# A classical music library - the inexpensive way?



## Romantic Geek (Dec 25, 2009)

Hi friends,

I have decided my classical library is in a dire need of a facelift, however, I simply don't have the money to buy whatever I well please wherever...I am still a college student! Anyway, I wanted your suggestions on how you were able to build your classical music library with quality recordings inexpensively.

Have any of you tried used things on Amazon? Etc.


----------



## David58117 (Nov 5, 2009)

I use amazon all the time. The third party sellers section is very good, usually much cheaper than what amazon charges. Like the Bertini Mahler set, $65 usd on amazon new, $30.24 usd new from a third party seller. So, that's my recommendation!


----------



## joen_cph (Jan 17, 2010)

1) Getting a turntable and collecting LPs. One will be acquainted with the canon of artists and a vast repertoire without having to pay much. I suppose that Cincinatti must have its share of second-hand record shops also, and classical LPs were always cheap in the US. Reserve CDs for special priority repertoire/recordings. The LP-sound is usually sufficient and it can even be really great.
2) Joining a downloading company like e-music, where you get a certain number of MP3-tracks
monthly for very little money.
3) Trying to be selective, though it was not my own strongest side. Perhaps start by getting a lot of different music with substance in it, say major works by 30 selected composers, and discover what your own preferences are - what you tend to listen to again and again.
4) Brilliant Classics has some great issues, like their box sets of Russian artists and pianists. In Denmark they go for about 3,5 $ per CD, but this is about the cheapest I´ve seen anywhere. There are excellent box sets with Oistrakh, Gilels, Kremer, Sofronitsky, Mravinsky etc. etc.


----------



## World Violist (May 31, 2007)

Amazon has some remarkably good deals if you like MP3 at all. You can get some quite expensive DG CDs track by track for $1 per track, etc. (and if you're looking at Mahler or Bruckner, that's a boon).

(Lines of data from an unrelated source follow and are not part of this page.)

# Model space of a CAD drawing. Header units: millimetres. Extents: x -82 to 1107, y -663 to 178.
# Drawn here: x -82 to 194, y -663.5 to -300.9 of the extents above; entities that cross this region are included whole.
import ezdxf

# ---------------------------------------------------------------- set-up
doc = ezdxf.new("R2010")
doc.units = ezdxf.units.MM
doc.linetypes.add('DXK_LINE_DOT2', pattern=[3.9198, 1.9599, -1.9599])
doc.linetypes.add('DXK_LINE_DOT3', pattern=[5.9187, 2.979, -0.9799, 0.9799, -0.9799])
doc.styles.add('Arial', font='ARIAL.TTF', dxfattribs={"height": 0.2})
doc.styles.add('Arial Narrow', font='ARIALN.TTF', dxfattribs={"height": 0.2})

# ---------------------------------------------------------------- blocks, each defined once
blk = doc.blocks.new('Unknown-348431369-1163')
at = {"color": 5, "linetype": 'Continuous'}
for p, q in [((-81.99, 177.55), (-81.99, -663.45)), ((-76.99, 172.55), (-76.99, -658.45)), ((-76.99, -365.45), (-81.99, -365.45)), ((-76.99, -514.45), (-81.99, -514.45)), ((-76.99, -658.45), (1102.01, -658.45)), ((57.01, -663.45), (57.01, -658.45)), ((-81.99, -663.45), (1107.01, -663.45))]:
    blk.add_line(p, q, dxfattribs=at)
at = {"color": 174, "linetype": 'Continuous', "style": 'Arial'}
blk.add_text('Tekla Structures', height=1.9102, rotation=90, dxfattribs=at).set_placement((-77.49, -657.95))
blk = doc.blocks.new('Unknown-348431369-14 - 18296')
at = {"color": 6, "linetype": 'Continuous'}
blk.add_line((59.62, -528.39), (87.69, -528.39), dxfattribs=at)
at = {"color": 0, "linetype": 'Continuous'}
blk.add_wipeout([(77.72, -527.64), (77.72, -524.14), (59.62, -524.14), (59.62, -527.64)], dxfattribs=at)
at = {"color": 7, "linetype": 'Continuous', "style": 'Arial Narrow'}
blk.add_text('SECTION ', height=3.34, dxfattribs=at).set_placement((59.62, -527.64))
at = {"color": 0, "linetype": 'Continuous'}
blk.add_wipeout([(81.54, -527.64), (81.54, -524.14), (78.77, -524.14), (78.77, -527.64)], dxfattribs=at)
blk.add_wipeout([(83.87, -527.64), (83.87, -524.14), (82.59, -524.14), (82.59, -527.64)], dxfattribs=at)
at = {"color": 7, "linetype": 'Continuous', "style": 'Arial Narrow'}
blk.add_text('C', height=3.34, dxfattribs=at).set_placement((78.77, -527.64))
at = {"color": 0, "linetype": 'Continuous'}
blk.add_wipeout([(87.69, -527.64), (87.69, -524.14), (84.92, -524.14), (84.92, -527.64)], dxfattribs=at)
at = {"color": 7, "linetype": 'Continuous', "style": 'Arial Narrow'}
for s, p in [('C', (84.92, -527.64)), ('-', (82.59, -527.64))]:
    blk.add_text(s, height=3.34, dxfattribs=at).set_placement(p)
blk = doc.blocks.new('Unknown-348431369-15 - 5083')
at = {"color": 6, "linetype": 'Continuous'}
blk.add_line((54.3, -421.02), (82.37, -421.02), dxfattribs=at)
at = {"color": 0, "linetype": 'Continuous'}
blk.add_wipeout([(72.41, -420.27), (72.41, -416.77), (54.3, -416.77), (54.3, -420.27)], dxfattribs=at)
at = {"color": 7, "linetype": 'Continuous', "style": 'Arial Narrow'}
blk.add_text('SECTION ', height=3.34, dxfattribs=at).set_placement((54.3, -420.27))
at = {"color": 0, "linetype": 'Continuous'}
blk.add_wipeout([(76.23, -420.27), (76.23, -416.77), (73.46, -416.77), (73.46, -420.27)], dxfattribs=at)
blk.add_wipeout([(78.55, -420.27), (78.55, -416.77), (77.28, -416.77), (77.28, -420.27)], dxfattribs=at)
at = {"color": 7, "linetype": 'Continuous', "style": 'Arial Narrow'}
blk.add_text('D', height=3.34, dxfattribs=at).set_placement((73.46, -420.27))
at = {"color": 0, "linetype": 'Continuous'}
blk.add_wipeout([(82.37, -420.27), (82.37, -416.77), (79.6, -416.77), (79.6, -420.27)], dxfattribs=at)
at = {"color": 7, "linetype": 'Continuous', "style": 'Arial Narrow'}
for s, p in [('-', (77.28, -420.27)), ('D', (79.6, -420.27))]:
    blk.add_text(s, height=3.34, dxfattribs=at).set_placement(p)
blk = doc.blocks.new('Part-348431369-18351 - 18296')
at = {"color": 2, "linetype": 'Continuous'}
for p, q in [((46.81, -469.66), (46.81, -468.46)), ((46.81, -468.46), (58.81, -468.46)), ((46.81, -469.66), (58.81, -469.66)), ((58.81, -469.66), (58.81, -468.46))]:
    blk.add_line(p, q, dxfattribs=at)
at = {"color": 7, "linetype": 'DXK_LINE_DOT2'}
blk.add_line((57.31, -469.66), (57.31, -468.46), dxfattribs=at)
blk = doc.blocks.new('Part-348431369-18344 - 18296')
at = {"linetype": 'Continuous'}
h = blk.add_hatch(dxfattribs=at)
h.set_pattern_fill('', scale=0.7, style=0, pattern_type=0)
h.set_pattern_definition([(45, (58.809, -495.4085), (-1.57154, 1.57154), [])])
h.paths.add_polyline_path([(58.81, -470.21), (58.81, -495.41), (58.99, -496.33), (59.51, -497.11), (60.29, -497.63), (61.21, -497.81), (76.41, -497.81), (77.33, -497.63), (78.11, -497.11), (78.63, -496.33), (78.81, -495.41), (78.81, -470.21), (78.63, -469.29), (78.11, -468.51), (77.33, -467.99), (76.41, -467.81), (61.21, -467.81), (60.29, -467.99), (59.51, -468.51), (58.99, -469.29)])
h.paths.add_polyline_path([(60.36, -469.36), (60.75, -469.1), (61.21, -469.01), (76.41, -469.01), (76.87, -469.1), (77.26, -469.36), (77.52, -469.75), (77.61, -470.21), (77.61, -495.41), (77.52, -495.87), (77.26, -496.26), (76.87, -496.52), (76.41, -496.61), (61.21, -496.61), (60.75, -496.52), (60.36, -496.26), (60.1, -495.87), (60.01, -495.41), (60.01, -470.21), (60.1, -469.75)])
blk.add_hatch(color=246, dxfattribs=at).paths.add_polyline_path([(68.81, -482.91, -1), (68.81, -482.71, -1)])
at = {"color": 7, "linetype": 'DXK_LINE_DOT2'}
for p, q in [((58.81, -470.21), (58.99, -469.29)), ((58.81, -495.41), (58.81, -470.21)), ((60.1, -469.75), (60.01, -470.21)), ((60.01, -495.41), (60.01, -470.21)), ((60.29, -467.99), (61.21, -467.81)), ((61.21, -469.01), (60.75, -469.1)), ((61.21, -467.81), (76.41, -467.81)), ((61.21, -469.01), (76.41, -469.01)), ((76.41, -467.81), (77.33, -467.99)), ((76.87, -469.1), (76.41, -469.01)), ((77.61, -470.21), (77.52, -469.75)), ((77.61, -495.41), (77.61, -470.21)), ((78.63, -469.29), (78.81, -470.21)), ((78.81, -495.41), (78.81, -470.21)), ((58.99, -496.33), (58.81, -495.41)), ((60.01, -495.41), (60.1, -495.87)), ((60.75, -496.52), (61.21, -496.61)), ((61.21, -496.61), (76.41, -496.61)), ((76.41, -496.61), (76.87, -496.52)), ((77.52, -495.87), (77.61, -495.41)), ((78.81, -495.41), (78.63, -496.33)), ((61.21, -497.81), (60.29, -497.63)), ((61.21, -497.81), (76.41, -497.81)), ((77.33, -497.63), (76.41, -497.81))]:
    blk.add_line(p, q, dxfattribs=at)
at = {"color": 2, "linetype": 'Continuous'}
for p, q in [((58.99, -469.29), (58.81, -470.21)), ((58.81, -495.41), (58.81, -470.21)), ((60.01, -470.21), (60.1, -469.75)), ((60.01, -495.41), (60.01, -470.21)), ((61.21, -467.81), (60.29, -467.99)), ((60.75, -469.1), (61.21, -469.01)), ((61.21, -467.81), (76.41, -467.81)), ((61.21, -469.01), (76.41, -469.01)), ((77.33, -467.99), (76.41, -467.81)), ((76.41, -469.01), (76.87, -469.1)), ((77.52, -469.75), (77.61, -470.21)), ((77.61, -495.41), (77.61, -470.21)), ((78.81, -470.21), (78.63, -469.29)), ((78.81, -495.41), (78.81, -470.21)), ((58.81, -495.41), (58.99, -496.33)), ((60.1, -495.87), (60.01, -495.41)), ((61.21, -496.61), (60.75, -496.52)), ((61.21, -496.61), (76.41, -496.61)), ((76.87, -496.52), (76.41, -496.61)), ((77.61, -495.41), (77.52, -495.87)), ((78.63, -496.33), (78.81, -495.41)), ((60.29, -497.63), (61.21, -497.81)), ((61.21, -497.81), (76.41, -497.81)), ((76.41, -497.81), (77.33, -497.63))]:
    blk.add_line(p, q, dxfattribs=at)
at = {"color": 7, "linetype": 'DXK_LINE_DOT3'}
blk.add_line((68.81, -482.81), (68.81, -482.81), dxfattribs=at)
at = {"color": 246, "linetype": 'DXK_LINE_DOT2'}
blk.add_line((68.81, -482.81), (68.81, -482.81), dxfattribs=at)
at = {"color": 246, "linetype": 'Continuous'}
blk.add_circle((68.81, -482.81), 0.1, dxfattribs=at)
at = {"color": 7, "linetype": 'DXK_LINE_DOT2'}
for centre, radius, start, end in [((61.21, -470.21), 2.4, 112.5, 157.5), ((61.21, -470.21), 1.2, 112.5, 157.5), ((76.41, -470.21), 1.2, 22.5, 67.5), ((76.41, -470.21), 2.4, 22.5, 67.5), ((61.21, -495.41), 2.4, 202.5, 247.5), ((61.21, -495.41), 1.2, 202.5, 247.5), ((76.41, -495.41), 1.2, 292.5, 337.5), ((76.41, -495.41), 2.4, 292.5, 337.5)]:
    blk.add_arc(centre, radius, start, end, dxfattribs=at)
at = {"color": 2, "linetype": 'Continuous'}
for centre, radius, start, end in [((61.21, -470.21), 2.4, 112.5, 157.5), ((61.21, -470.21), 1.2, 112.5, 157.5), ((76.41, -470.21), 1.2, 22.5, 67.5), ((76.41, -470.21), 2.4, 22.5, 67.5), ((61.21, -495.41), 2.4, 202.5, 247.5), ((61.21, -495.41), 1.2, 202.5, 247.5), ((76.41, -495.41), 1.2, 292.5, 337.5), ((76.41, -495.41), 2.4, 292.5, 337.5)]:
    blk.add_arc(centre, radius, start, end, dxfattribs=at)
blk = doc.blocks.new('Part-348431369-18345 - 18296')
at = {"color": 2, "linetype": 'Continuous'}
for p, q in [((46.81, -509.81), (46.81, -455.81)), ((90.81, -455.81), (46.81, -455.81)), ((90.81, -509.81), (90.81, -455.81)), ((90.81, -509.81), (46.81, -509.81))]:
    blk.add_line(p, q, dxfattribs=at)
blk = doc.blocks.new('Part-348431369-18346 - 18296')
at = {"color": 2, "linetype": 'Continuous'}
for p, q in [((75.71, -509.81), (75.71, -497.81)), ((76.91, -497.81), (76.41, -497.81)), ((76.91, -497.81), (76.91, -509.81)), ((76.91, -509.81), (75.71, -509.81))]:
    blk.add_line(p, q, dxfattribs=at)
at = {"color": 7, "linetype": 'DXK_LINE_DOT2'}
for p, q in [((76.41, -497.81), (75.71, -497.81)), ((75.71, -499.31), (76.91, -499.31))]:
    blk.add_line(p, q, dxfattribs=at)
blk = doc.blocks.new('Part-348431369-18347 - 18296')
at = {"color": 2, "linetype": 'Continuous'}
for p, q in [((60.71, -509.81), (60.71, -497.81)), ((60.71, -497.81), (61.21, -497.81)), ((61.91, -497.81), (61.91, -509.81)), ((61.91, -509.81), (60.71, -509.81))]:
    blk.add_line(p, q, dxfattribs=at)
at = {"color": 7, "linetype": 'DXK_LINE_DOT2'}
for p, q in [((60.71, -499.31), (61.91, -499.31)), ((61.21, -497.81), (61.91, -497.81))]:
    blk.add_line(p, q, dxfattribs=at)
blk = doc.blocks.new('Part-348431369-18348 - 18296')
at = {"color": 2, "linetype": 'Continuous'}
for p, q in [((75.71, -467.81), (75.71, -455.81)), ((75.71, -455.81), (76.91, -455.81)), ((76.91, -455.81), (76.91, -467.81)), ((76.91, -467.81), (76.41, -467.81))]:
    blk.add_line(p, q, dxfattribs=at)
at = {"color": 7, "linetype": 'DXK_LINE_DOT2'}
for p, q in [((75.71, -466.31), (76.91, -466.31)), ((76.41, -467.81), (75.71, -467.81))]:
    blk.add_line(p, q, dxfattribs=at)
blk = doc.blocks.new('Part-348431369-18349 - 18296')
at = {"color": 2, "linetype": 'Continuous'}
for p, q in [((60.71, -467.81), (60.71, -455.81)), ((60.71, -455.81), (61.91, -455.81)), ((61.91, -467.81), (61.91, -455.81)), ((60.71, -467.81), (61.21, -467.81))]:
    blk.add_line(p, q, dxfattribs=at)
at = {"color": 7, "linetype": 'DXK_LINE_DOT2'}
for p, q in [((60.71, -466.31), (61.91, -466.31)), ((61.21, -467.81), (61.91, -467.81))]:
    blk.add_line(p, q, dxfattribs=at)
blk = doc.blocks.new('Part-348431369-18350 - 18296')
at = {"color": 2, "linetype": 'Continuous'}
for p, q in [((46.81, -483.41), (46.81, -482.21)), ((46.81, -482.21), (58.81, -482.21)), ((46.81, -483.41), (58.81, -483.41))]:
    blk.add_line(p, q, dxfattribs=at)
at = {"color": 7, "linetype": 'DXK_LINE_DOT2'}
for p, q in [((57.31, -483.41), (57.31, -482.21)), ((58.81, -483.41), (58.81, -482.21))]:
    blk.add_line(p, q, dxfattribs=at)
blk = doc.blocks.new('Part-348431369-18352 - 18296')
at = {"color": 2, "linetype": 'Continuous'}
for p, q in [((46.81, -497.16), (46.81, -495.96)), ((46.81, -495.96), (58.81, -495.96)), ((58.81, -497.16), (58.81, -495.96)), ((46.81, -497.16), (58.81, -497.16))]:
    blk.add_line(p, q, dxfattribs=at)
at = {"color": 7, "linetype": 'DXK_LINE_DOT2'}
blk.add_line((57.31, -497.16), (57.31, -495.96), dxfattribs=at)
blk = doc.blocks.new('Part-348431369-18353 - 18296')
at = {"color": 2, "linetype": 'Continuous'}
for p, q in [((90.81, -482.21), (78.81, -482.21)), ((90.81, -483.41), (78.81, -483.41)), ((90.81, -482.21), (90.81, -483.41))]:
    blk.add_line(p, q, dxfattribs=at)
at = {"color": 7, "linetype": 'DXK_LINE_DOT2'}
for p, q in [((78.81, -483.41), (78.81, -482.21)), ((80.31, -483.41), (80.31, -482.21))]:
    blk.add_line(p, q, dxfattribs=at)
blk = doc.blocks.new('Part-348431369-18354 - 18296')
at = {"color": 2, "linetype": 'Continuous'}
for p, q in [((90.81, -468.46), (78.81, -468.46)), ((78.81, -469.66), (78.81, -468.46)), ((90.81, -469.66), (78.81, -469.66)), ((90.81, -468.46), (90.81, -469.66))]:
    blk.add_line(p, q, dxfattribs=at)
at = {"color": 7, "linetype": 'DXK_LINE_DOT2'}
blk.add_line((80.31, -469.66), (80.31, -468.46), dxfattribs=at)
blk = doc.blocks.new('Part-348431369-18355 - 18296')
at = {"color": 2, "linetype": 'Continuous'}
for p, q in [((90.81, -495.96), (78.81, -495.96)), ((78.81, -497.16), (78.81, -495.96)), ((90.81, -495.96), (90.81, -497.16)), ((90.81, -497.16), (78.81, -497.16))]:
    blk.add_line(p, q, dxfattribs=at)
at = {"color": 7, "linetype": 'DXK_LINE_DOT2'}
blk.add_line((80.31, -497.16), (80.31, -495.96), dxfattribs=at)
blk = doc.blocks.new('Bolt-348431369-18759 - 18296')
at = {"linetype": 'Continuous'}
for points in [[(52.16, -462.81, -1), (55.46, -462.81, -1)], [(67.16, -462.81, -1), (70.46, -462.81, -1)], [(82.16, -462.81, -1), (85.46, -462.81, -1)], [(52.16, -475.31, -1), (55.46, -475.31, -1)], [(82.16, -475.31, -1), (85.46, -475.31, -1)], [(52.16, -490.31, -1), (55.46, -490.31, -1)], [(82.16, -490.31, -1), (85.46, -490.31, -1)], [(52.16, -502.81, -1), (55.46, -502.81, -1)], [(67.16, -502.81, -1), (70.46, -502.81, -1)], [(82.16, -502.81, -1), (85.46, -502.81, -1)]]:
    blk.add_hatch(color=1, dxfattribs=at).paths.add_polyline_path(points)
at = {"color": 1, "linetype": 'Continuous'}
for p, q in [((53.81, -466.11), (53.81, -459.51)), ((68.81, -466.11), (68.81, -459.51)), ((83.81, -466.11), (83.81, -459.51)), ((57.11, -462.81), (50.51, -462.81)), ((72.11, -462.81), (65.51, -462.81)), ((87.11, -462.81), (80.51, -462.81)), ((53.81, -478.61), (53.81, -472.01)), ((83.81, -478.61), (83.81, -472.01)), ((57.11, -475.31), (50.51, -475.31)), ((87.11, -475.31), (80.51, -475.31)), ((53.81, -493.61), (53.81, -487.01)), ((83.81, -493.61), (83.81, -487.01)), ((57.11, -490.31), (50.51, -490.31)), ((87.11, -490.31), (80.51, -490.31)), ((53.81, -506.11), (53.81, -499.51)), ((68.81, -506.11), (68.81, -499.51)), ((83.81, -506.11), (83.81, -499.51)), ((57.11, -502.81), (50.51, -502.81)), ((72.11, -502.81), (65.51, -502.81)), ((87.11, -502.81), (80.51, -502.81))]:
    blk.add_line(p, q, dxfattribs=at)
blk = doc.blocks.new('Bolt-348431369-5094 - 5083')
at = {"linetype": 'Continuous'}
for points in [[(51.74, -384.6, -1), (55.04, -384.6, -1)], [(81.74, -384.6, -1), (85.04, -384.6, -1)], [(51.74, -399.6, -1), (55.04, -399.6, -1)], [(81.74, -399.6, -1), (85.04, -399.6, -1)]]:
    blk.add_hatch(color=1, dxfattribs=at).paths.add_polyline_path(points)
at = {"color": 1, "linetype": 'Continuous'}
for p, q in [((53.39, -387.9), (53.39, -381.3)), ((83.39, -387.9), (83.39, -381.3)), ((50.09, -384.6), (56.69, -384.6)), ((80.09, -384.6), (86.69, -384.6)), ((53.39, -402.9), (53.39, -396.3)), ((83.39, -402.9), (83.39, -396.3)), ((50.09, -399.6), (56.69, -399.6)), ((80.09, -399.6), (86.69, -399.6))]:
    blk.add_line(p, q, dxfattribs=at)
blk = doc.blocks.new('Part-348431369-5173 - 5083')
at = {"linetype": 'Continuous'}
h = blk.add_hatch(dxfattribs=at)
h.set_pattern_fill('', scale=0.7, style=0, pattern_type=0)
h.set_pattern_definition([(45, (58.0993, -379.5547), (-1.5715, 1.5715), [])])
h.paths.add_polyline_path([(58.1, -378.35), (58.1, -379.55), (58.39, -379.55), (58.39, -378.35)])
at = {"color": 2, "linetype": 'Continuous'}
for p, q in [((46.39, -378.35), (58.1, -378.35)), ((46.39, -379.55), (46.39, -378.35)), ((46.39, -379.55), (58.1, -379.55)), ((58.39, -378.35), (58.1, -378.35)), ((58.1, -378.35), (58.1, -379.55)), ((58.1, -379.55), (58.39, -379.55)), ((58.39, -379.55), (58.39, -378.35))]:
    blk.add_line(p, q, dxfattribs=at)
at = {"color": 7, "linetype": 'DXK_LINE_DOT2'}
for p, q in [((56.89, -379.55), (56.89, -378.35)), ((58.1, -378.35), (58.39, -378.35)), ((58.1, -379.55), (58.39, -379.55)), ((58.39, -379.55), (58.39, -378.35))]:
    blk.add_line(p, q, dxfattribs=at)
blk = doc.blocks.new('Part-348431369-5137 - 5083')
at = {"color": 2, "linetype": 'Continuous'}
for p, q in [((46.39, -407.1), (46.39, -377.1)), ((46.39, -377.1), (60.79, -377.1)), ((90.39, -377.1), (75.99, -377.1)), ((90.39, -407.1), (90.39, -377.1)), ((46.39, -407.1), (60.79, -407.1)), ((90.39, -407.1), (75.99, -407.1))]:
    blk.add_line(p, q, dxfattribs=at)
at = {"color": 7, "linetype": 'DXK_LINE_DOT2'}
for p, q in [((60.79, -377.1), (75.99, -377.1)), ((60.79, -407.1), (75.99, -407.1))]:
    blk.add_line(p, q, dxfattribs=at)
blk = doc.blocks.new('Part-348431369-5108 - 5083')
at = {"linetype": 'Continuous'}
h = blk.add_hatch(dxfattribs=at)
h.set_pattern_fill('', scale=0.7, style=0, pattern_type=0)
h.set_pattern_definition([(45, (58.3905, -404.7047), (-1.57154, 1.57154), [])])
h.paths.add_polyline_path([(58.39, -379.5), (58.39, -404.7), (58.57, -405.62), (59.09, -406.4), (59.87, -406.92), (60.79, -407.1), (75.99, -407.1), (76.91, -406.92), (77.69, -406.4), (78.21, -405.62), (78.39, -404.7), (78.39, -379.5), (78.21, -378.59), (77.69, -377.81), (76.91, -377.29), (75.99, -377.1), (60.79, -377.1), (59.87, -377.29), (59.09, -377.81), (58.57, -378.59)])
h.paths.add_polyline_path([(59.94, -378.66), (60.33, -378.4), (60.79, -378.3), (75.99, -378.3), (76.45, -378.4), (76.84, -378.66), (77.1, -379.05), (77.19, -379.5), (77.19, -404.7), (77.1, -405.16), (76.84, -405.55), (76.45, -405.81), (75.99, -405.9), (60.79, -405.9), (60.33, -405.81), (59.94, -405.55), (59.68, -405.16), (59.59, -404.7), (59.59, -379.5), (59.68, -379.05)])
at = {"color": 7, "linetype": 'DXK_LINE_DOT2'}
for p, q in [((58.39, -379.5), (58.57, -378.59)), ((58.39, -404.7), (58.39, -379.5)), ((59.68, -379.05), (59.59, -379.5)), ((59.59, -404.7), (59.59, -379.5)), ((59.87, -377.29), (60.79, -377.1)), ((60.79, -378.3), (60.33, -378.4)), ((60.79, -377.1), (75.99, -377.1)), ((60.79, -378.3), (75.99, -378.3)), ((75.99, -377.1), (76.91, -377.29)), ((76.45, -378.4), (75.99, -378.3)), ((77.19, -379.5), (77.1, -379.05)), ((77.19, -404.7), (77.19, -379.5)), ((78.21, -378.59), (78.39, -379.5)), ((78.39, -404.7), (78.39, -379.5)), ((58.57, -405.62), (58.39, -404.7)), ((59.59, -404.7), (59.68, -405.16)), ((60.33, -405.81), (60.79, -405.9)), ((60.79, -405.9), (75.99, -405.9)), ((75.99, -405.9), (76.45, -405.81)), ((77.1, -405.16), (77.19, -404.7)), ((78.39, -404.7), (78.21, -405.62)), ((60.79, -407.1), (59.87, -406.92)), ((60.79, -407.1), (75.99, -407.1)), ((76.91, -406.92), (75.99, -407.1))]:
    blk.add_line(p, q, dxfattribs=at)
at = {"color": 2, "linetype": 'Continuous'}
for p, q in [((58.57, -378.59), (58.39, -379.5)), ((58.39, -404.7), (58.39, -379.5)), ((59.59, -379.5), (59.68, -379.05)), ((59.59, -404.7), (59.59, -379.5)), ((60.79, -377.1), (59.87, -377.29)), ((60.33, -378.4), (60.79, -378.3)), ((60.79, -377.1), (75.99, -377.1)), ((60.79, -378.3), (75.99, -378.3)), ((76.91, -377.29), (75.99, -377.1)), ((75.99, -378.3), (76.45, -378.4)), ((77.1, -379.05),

For CDs, Amazon is the best there is. Arkivmusic has only full-price and only occasionally shaves a buck or two off their CDs for a sale. However, Amazon marketplace is truly remarkable (I remember getting a CD of Boulez conducting Mahler 6 and getting over 80% off at one point).


----------



## Conor71 (Feb 19, 2009)

You could always copy/rip Discs that you loan from Libraries / Friends and build a digital collection to listen to on your Computer or MP3 Player?.


----------



## Romantic Geek (Dec 25, 2009)

Conor71 said:


> You could always copy/rip Discs that you loan from Libraries / Friends and build a digital collection to listen to on your Computer or MP3 Player?.


Unfortunately the library I'm at now is a bit more strict in their CD loaning policy...

So basically browsing the Amazon marketplace! Sounds like a good idea. I know what kind of things I want to start with in my expansion of my library...I was just wondering though what kind of values I could find.


----------



## JSK (Dec 31, 2008)

The Berkshire Record Outlet is great, especially for non-classical beginners, because they carry tons of cutouts/out of print CDs at often extremely cheap prices. Shipping can be a little much for a small purchase, but is worth it if you have a chunk of cash to spend. Not too many titles on big labels, but Hyperion tends to go for $7 and Naxos for $4. Also a lot of Harmonia Mundi and some very cheap Brilliant Classics sets on there too.

My preferred method of buying is thrift shops, but they often carry absolutely nothing of interest.

And I see you are attending CCM. I'm applying for Musicology, but have so far been way too busy to complete the application yet.


----------



## Delicious Manager (Jul 16, 2008)

Conor71 said:


> You could always copy/rip Discs that you loan from Libraries / Friends and build a digital collection to listen to on your Computer or MP3 Player?.


This is piracy and, therefore, highly illegal for any recordings less than 50 years old and/or containing music which is in copyright. Shame on anyone who suggests music piracy and stealing from musicians!


----------



## Serge (Mar 25, 2010)

eBay?

Also, BMG is still doing business on yourmusic.com where you can get CDs at $6.99 or lower when on sale (shipping included), although I find their selection extremely limited these days.


----------



## Ukko (Jun 4, 2010)

Delicious Manager said:


> This is piracy and, therefore, highly illegal for any recordings less than 50 years old and/or containing music which is in copyright. Shame on anyone who suggests music piracy and stealing from musicians!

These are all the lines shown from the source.